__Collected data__

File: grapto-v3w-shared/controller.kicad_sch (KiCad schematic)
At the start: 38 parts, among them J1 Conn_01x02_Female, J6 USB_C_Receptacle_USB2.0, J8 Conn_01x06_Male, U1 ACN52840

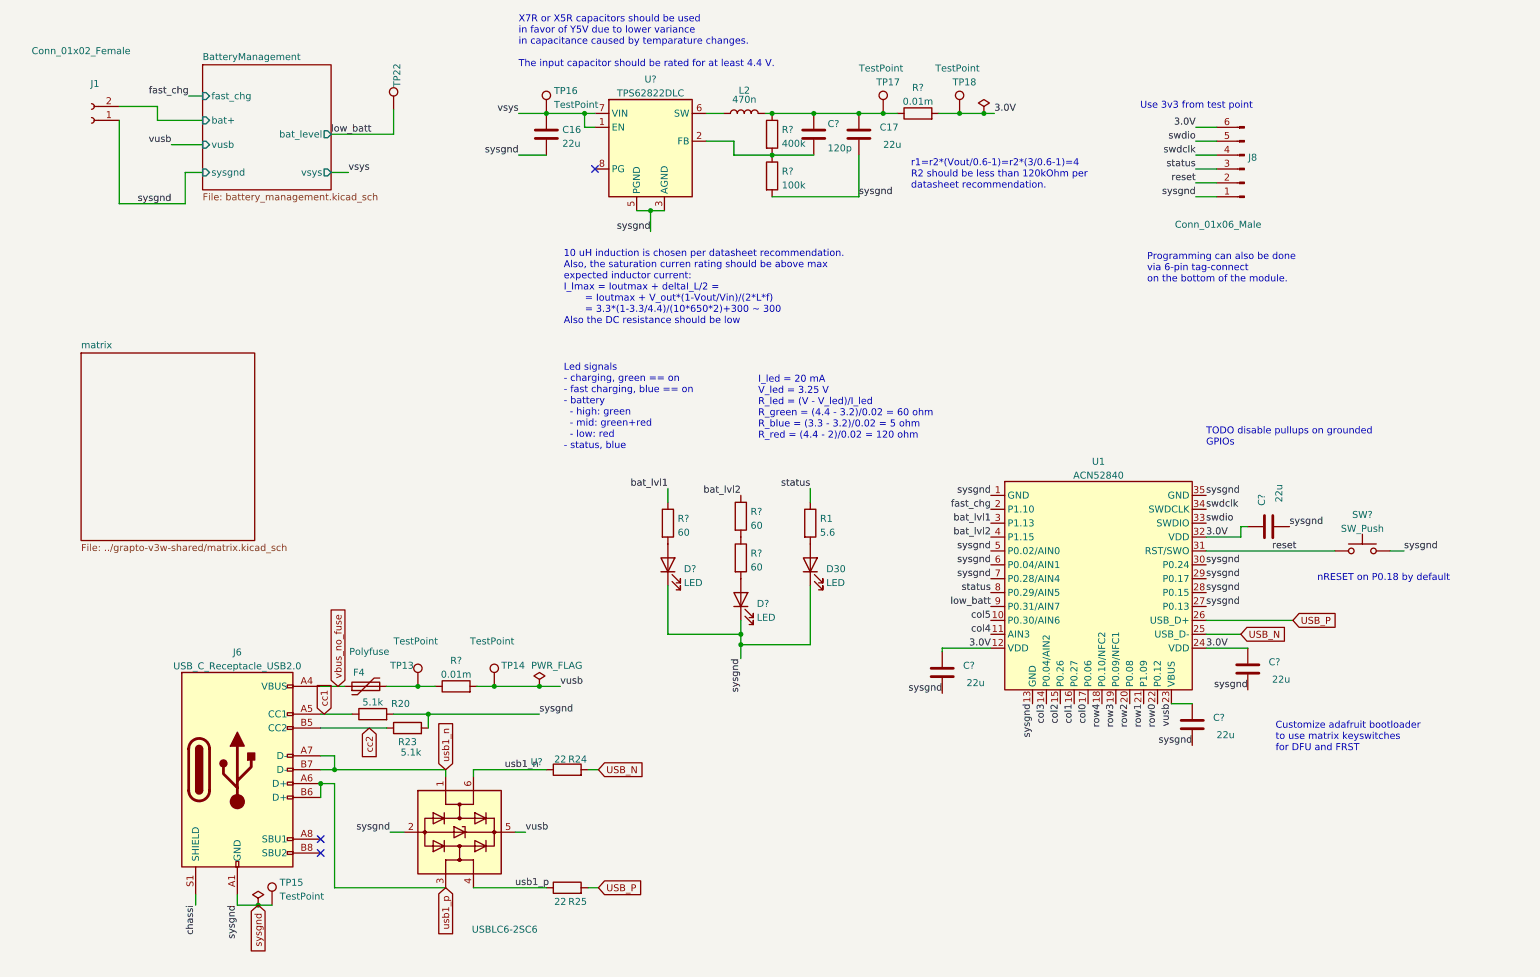
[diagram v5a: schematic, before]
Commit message: Added footprints.
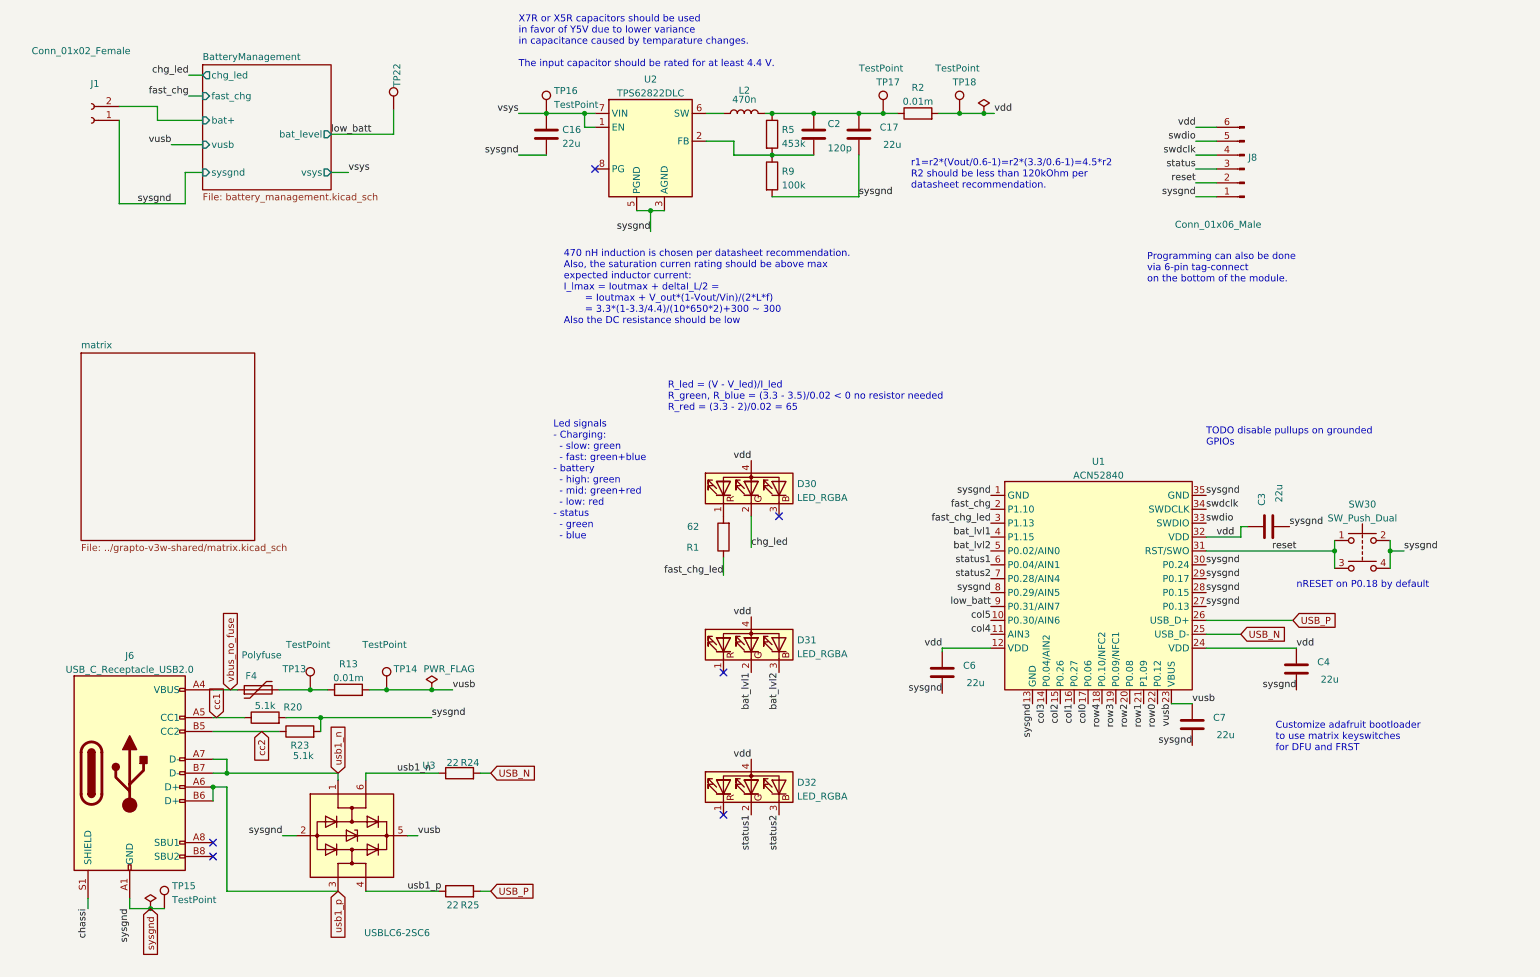
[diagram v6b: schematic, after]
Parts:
- removed D30, D? (x2): LED, LED_SMD:LED_0805_2012Metric_Pad1.15x1.40mm_HandSolder, symbol Device:LED
- removed R? (x3): 60, Resistor_SMD:R_0603_1608Metric_Pad0.98x0.95mm_HandSolder, symbol Device:R
- removed SW?: SW_Push, symbol Switch:SW_Push
- added D30, D31, D32: LED_RGBA, grapto-v3w:LTST-S310F3WT, symbol Device:LED_RGBA
- added SW30: SW_Push_Dual, grapto-v3w:korean k2 1157sp, symbol Switch:SW_Push_Dual
- J6: footprint grapto-v3w:USB_C_Receptacle_molex_2169900001 -> Connector_USB:USB_C_Receptacle_G-Switch_GT-USB-7010ASV
- L2: footprint grapto-v3w:Bourns-SRP0415 -> grapto-v3w:MHCI05020-R47M-R8
- R1: value 5.6 -> 62
- R13, R2, R9: renamed from R?; footprint (none) -> Resistor_SMD:R_0603_1608Metric_Pad0.98x0.95mm_HandSolder
- R5: renamed from R?; value 400k -> 453k; footprint (none) -> Resistor_SMD:R_0603_1608Metric_Pad0.98x0.95mm_HandSolder
- gave numbers to parts that had none: 7
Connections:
- net bat_lvl1: now also U1.4 (P1.15), D31.2 (GK); no longer U1.3 (P1.13)
- net bat_lvl2: now also U1.5 (P0.02/AIN0), D31.3 (BK); no longer U1.4 (P1.15)
- net reset: now also SW30.1, SW30.3
- net status: no longer R1.1, U1.8 (P0.29/AIN5)
- net sysgnd: now also U1.8 (P0.29/AIN5), SW30.2, SW30.4; no longer U1.5 (P0.02/AIN0), U1.6 (P0.04/AIN1), U1.7 (P0.28/AIN4)
- net at R1.2: now also D30.1 (RK)
- net 3.0V renamed vdd
- net vdd: now also D30.4 (A), D31.4 (A), D32.4 (A)
- new net chg_led: D30.2 (GK)
- new net fast_chg_led: R1.1, U1.3 (P1.13)
- new net status1: D32.2 (GK), U1.6 (P0.04/AIN1)
- new net status2: D32.3 (BK), U1.7 (P0.28/AIN4)
- no-connect marks 3 -> 6
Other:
- sheet BatteryManagement ports: added chg_led; removed none
- note added: "470 nH induction is chosen per datasheet recommendation. Also, the saturation curren rating should be above max expected inductor current: I_lmax = Ioutmax + deltaI_L/2 = = Ioutmax + V_out*(1-Vout/Vin)/(2*L*f) = 3.3*(1-3.3/4.4)/(10*650*2)+300 ~ 300 Also the DC resistance should be low"
- note added: "Led signals - Charging: - slow: green - fast: green+blue - battery - high: green - mid: green+red - low: red - status - green - blue"
- note added: "R_led = (V - V_led)/I_led R_green, R_blue = (3.3 - 3.5)/0.02 < 0 no resistor needed R_red = (3.3 - 2)/0.02 = 65"
- note added: "r1=r2*(Vout/0.6-1)=r2*(3.3/0.6-1)=4.5*r2 R2 should be less than 120kOhm per datasheet recommendation."
- note removed: "10 uH induction is chosen per datasheet recommendation. Also, the saturation curren rating should be above max expected inductor current: I_lmax = Ioutmax + deltaI_L/2 = = Ioutmax + V_out*(1-Vout/Vin)/(2*L*f) = 3.3*(1-3.3/4.4)/(10*650*2)+300 ~ 300 Also the DC resistance should be low"
- note removed: "I_led = 20 mA V_led = 3.25 V R_led = (V - V_led)/I_led R_green = (4.4 - 3.2)/0.02 = 60 ohm R_blue = (3.3 - 3.2)/0.02 = 5 ohm R_red = (4.4 - 2)/0.02 = 120 ohm"
- note removed: "Led signals - charging, green == on - fast charging, blue == on - battery - high: green - mid: green+red - low: red - status, blue"
- note removed: "Use 3v3 from test point"
- note removed: "r1=r2*(Vout/0.6-1)=r2*(3/0.6-1)=4 R2 should be less than 120kOhm per datasheet recommendation."
- moved on the sheet: C4, F4, J6, R13, R20, R23, R24, R25, TP13, TP14, TP15, U3

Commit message: before adding hotswaps
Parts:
- removed D30, D31, D32: LED_RGBA, grapto-v3w:LTST-S310F3WT, symbol Device:LED_RGBA
- added D30, D31, D32: LED_ARGB, grapto-v3w:23-23B-R6GHBHC-A01-2A, symbol Device:LED_ARGB
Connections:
- net bat_lvl1: now also D31.3 (GK)
- net bat_lvl2: now also D31.4 (BK)
- net chg_led: now also D30.3 (GK)
- net status1: now also D32.3 (GK)
- net status2: now also D32.4 (BK)
- net vdd: now also D30.1 (A), D31.1 (A), D32.1 (A)
- net at R1.2: now also D30.2 (RK)
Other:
- note added: "R_led = (V - V_led)/I_led R_green, R_blue = (3.3 - 3.3)/0.02 = 0 no resistor needed R_red = (3.3 - 2)/0.02 = 65"
- note removed: "R_led = (V - V_led)/I_led R_green, R_blue = (3.3 - 3.5)/0.02 < 0 no resistor needed R_red = (3.3 - 2)/0.02 = 65"
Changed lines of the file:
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@@
     (effects (font (size 1.27 1.27)) (justify left bottom))
   )
-  (text "R_led = (V - V_led)/I_led\nR_green, R_blue = (3.3 - 3.5)/0.02 < 0 no resistor needed\nR_red = (3.3 - 2)/0.02 = 65"
+  (text "R_led = (V - V_led)/I_led\nR_green, R_blue = (3.3 - 3.3)/0.02 = 0 no resistor needed\nR_red = (3.3 - 2)/0.02 = 65"
     (at 138.43 88.9 0)
     (effects (font (size 1.27 1.27)) (justify left bottom))
@@
     (pin "2")
   )
+  (symbol (lib_id "Device:LED_ARGB") (at 153.67 102.87 90) (unit 1)
+    (in_bom yes) (on_board yes) (fields_autoplaced)
+    (property "Reference" "D30" (id 0) (at 162.052 102.0353 90)
+      (effects (font (size 1.27 1.27)) (justify right))
+    )
+    (property "Value" "LED_ARGB" (id 1) (at 162.052 104.5722 90)
+      (effects (font (size 1.27 1.27)) (justify right))
+    )
+    (property "Footprint" "grapto-v3w:23-23B-R6GHBHC-A01-2A" (id 2) (at 154.94 102.87 0)
+      (effects (font (size 1.27 1.27)) hide)
+    )
+    (property "Datasheet" "~" (id 3) (at 154.94 102.87 0)
+      (effects (font (size 1.27 1.27)) hide)
+    )
+    (pin "1")
+    (pin "2")
+    (pin "3")
+    (pin "4")
+  )
   (symbol (lib_id "Connector:TestPoint") (at 88.265 33.655 0) (unit 1)
     (in_bom yes) (on_board yes)
@@
     (pin "6")
   )
-  (symbol (lib_id "Device:LED_RGBA") (at 153.67 157.48 90) (unit 1)
-    (in_bom yes) (on_board yes) (fields_autoplaced)
-    (property "Reference" "D32" (id 0) (at 162.052 156.6453 90)
-      (effects (font (size 1.27 1.27)) (justify right))
-    )
-    (property "Value" "LED_RGBA" (id 1) (at 162.052 159.1822 90)
-      (effects (font (size 1.27 1.27)) (justify right))
-    )
-    (property "Footprint" "grapto-v3w:LTST-S310F3WT" (id 2) (at 154.94 157.48 0)
-      (effects (font (size 1.27 1.27)) hide)
-    )
-    (property "Datasheet" "~" (id 3) (at 154.94 157.48 0)
-      (effects (font (size 1.27 1.27)) hide)
-    )
-    (pin "1")
-    (pin "2")
-    (pin "3")
-    (pin "4")
-  )
   (symbol (lib_id "Connector:Conn_01x02_Female") (at 33.02 35.56 180) (unit 1)
     (in_bom yes) (on_board yes)
@@
     (pin "2")
   )
-  (symbol (lib_id "Connector:TestPoint") (at 46.355 179.705 0) (unit 1)
-    (in_bom yes) (on_board yes) (fields_autoplaced)
-    (property "Reference" "TP15" (id 0) (at 47.752 175.5683 0)
-      (effects (font (size 1.27 1.27)) (justify left))
-    )
-    (property "Value" "TestPoint" (id 1) (at 47.752 178.1052 0)
-      (effects (font (size 1.27 1.27)) (justify left))
-    )
-    (property "Footprint" "grapto-v3w:TestPoint_THTPad_D2.0mm_Drill1.0mm" (id 2) (at 51.435 179.705 0)
-      (effects (font (size 1.27 1.27)) hide)
-    )
-    (property "Datasheet" "~" (id 3) (at 51.435 179.705 0)
-      (effects (font (size 1.27 1.27)) hide)
-    )
-    (pin "1")
-  )
-  (symbol (lib_id "Device:LED_RGBA") (at 153.67 131.445 90) (unit 1)
+  (symbol (lib_id "Device:LED_ARGB") (at 153.67 131.445 90) (unit 1)
     (in_bom yes) (on_board yes) (fields_autoplaced)
     (property "Reference" "D31" (id 0) (at 162.052 130.6103 90)
       (effects (font (size 1.27 1.27)) (justify right))
     )
-    (property "Value" "LED_RGBA" (id 1) (at 162.052 133.1472 90)
+    (property "Value" "LED_ARGB" (id 1) (at 162.052 133.1472 90)
       (effects (font (size 1.27 1.27)) (justify right))
     )
-    (property "Footprint" "grapto-v3w:LTST-S310F3WT" (id 2) (at 154.94 131.445 0)
+    (property "Footprint" "grapto-v3w:23-23B-R6GHBHC-A01-2A" (id 2) (at 154.94 131.445 0)
       (effects (font (size 1.27 1.27)) hide)
     )
@@
     (pin "3")
     (pin "4")
+  )
+  (symbol (lib_id "Connector:TestPoint") (at 46.355 179.705 0) (unit 1)
+    (in_bom yes) (on_board yes) (fields_autoplaced)
+    (property "Reference" "TP15" (id 0) (at 47.752 175.5683 0)
+      (effects (font (size 1.27 1.27)) (justify left))
+    )
+    (property "Value" "TestPoint" (id 1) (at 47.752 178.1052 0)
+      (effects (font (size 1.27 1.27)) (justify left))
+    )
+    (property "Footprint" "grapto-v3w:TestPoint_THTPad_D2.0mm_Drill1.0mm" (id 2) (at 51.435 179.705 0)
+      (effects (font (size 1.27 1.27)) hide)
+    )
+    (property "Datasheet" "~" (id 3) (at 51.435 179.705 0)
+      (effects (font (size 1.27 1.27)) hide)
+    )
+    (pin "1")
   )
   (symbol (lib_id "Device:R") (at 71.12 147.32 90) (unit 1)
@@
     (pin "7")
     (pin "8")
+  )
+  (symbol (lib_id "Device:LED_ARGB") (at 153.67 157.48 90) (unit 1)
+    (in_bom yes) (on_board yes) (fields_autoplaced)
+    (property "Reference" "D32" (id 0) (at 162.052 156.6453 90)
+      (effects (font (size 1.27 1.27)) (justify right))
+    )
+    (property "Value" "LED_ARGB" (id 1) (at 162.052 159.1822 90)
+      (effects (font (size 1.27 1.27)) (justify right))
+    )
+    (property "Footprint" "grapto-v3w:23-23B-R6GHBHC-A01-2A" (id 2) (at 154.94 157.48 0)
+      (effects (font (size 1.27 1.27)) hide)
+    )
+    (property "Datasheet" "~" (id 3) (at 154.94 157.48 0)
+      (effects (font (size 1.27 1.27)) hide)
+    )
+    (pin "1")
+    (pin "2")
+    (pin "3")
+    (pin "4")
   )
   (symbol (lib_id "Device:R") (at 80.01 139.7 90) (unit 1)
@@
     (pin "2")
   )
-  (symbol (lib_id "Device:LED_RGBA") (at 153.67 102.87 90) (unit 1)
-    (in_bom yes) (on_board yes) (fields_autoplaced)
-    (property "Reference" "D30" (id 0) (at 162.052 102.0353 90)
-      (effects (font (size 1.27 1.27)) (justify right))
-    )
-    (property "Value" "LED_RGBA" (id 1) (at 162.052 104.5722 90)
-      (effects (font (size 1.27 1.27)) (justify right))
-    )
-    (property "Footprint" "grapto-v3w:LTST-S310F3WT" (id 2) (at 154.94 102.87 0)
-      (effects (font (size 1.27 1.27)) hide)
-    )
-    (property "Datasheet" "~" (id 3) (at 154.94 102.87 0)
-      (effects (font (size 1.27 1.27)) hide)
-    )
-    (pin "1")
-    (pin "2")
-    (pin "3")
-    (pin "4")
-  )
   (symbol (lib_id "Device:R") (at 184.15 34.29 90) (unit 1)

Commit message: left half pcb draft.
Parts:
- removed SW30: SW_Push_Dual, grapto-v3w:korean k2 1157sp, symbol Switch:SW_Push_Dual
- added J2: Conn_01x01_Female, symbol Connector:Conn_01x01_Female
- TP13, TP14, TP15, TP16, TP17, TP18, TP22: footprint grapto-v3w:TestPoint_THTPad_D2.0mm_Drill1.0mm -> Connector_PinHeader_2.54mm:PinHeader_1x01_P2.54mm_Vertical
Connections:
- net status is gone; now on net status1: J8.3 (Pin_3)
- net chassi: now also J2.1 (Pin_1)
- net usb1_n: no longer R24.1, U3.6 (I/O1)
- net usb1_p: no longer R25.1, U3.4 (I/O2)
- new net USB0_N: R24.1, U3.6 (I/O1)
- new net USB0_P: R25.1, U3.4 (I/O2)

__Work to complete__
Whenever the string "Reference" shows up in a line of the records, copy that line.

__Answer to the exercise__
+    (property "Reference" "D30" (id 0) (at 162.052 102.0353 90)
-    (property "Reference" "D32" (id 0) (at 162.052 156.6453 90)
-    (property "Reference" "TP15" (id 0) (at 47.752 175.5683 0)
     (property "Reference" "D31" (id 0) (at 162.052 130.6103 90)
+    (property "Reference" "TP15" (id 0) (at 47.752 175.5683 0)
+    (property "Reference" "D32" (id 0) (at 162.052 156.6453 90)
-    (property "Reference" "D30" (id 0) (at 162.052 102.0353 90)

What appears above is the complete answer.